URL encoding and HTML entity encoding are two different things that serve different purposes and are sometimes confused. URL encoding uses percent signs (%26 for &) and is used in URL query strings and path segments. HTML encoding uses ampersand-based entities (& for &) and is used in HTML content to represent characters that would otherwise be interpreted as HTML markup. In a URL that appears as an HTML attribute value, you may need both: the URL is percent-encoded, and if it's in an HTML attribute like href, the resulting string is also HTML-entity-encoded. Sejda's URL encoder handles only URL encoding - use a separate HTML encoder/decoder for HTML entity encoding.

The + vs. %20 Difference in Spaces

This is a subtle but practically important distinction. In the original URL specification, spaces in query strings could be represented as + signs (form encoding, also called application/x-www-form-urlencoded) or as %20 (standard percent encoding). The + shorthand only works in the query string part of a URL (after the ?) and in HTML form data. In URL path segments (before the ?), only %20 is valid - a + in a path segment is treated as a literal plus sign, not a space. Modern best practice is to use %20 everywhere for consistency and avoid the ambiguity of +. Sejda's encoder uses %20 for spaces by default.

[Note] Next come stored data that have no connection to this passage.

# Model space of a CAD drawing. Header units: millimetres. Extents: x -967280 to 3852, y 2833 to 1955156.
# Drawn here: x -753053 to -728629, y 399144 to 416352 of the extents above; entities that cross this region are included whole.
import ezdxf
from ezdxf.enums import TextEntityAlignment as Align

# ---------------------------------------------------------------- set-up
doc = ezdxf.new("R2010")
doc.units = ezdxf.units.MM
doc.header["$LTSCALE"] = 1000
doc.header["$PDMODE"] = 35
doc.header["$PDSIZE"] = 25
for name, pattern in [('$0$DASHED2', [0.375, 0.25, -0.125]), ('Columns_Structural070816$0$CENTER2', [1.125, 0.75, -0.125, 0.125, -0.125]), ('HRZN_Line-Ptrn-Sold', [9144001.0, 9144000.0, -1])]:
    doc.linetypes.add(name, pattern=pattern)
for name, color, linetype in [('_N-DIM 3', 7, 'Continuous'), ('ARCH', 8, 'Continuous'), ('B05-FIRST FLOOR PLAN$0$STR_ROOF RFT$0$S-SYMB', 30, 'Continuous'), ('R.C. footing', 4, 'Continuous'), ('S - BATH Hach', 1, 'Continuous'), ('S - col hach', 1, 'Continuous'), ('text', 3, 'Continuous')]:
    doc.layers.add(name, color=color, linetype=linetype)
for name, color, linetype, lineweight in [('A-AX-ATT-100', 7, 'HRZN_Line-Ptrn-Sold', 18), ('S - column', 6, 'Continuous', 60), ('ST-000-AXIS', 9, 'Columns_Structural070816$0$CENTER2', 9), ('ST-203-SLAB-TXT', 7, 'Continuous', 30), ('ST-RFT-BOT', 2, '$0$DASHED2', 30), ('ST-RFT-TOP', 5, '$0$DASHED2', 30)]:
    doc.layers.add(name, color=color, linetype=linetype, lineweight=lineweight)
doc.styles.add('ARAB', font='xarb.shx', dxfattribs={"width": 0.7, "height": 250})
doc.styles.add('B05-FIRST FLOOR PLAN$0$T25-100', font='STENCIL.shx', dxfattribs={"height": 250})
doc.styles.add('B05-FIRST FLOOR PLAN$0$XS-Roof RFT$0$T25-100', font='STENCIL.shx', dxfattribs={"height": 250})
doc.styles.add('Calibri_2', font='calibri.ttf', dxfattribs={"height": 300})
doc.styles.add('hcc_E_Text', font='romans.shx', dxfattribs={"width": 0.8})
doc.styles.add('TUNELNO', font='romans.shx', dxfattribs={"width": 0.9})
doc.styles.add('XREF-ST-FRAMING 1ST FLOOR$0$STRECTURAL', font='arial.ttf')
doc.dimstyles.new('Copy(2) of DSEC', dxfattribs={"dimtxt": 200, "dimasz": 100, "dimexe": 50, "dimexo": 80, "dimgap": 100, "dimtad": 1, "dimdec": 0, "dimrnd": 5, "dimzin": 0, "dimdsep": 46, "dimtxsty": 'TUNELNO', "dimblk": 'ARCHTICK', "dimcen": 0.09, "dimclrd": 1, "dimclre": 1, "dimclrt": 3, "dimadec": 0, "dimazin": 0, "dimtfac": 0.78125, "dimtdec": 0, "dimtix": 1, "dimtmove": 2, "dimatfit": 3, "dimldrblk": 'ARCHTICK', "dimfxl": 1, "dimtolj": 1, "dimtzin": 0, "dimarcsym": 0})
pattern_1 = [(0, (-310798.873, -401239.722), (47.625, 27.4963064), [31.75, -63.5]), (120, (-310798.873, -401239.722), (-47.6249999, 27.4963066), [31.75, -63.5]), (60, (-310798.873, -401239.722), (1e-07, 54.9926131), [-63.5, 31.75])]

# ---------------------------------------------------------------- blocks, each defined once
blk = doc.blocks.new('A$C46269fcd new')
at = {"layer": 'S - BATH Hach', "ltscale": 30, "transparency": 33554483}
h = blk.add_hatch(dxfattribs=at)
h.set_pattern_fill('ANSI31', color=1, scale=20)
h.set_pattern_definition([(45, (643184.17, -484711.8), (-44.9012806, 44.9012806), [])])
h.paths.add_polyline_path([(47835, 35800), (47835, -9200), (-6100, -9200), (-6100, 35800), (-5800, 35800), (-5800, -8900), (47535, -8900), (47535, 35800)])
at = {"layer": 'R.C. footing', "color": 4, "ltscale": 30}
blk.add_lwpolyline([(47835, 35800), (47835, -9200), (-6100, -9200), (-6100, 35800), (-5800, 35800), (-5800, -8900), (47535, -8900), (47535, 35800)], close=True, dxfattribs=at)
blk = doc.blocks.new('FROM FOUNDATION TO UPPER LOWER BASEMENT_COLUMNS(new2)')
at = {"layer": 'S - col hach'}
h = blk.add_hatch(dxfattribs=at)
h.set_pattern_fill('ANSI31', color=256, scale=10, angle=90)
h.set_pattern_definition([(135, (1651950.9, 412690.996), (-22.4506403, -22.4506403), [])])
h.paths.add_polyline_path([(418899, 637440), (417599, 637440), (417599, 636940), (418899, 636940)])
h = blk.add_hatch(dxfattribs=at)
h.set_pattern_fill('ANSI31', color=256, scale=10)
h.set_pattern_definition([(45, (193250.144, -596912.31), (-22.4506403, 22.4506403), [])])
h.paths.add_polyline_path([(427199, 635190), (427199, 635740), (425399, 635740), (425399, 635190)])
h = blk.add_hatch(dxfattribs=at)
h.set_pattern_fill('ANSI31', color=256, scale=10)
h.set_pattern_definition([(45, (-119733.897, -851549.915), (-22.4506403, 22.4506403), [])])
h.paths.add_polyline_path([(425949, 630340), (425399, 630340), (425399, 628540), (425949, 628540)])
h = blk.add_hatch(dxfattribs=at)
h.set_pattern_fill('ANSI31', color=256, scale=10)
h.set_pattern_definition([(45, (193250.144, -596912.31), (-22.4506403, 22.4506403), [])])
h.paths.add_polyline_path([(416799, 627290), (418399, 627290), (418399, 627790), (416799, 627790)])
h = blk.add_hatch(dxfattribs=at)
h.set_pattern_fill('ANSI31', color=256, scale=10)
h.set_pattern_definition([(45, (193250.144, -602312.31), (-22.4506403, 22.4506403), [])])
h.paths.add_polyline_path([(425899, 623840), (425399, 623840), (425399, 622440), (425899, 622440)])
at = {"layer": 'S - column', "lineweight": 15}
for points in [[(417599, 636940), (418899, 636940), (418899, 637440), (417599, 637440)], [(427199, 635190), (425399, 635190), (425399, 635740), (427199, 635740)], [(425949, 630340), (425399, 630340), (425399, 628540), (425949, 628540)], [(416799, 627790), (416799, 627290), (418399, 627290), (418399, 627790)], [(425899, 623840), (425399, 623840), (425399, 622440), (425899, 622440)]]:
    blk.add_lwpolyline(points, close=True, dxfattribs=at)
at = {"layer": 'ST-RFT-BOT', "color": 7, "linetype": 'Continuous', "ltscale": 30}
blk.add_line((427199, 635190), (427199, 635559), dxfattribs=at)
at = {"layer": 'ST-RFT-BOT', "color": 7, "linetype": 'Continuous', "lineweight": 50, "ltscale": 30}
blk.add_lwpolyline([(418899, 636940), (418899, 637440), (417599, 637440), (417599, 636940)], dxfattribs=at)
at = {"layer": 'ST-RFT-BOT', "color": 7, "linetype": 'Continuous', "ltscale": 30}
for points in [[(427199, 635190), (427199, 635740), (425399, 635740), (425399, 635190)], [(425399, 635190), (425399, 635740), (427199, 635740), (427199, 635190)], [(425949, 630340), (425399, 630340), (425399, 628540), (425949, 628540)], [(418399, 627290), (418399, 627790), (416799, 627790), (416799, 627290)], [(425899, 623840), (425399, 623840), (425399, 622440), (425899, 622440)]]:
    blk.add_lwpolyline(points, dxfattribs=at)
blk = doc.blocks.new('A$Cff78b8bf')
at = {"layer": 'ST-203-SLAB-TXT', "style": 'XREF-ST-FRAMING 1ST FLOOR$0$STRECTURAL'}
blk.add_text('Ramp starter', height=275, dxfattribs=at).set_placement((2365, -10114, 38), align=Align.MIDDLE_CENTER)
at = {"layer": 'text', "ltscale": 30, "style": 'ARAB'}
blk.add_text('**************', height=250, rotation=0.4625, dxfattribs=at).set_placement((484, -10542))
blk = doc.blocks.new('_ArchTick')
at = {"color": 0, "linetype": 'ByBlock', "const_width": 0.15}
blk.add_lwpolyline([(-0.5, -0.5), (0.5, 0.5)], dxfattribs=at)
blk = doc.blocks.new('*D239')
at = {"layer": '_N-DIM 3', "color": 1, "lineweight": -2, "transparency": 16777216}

Decoding Encoded URLs for Debugging

One of the most practical uses of a URL decoder is debugging. When you see a complex encoded URL in server logs, error reports, or API request parameters, decoding it instantly reveals what data was actually being passed. A URL like /search?q=%E3%81%82%E3%82%8A%E3%81%8C%E3%81%A8%E3%81%86&lang=ja&filter=price%3A0-100 decodes to /search?q=ありがとう&lang=ja&filter=price:0-100 - revealing a Japanese search term and a price range filter that were invisible in the encoded form.

Common Mistakes to Avoid

  • Double-encoding URLs - If you encode a URL that's already encoded, %20 becomes %2520. This causes the receiving server to see %20 as literal text rather than a space. Always decode before re-encoding if you're unsure whether input is already encoded.
  • Encoding entire URLs when only parameters need encoding - If you encode the entire URL including slashes and colons, the URL structure breaks. Only encode the values in query parameters, not the structural characters of the URL itself.
  • Forgetting encoding in client-side JavaScript - Use encodeURIComponent() for individual parameter values and encodeURI() for full URL strings. Never concatenate user input into URLs without encoding it first.

Pro Tips

When building URLs programmatically, always use your language's built-in URL encoding functions (urllib.parse.quote() in Python, encodeURIComponent() in JavaScript, urlencode() in PHP) rather than manual string manipulation - they handle all edge cases correctly. Use Sejda's decoder when reading server access logs to understand what queries your users are actually making, especially if your analytics platform shows encoded query strings. And for internationalized URLs (containing non-ASCII characters like accents, Arabic, Chinese, or emoji), URL encoding ensures compatibility across all browsers and server configurations.

Conclusion

URL encoding is a foundational web standard that every developer encounters constantly in API work, link building, form handling, and debugging. Sejda's free URL encoder and decoder makes encoding and decoding any text instant and visual - paste your text, choose your encoding option, and get the result immediately. Whether you're preparing a complex query string for an API request, debugging an encoded URL in a log file, or building social sharing links, having a reliable URL encoder in your toolkit eliminates one of web development's most common sources of subtle bugs.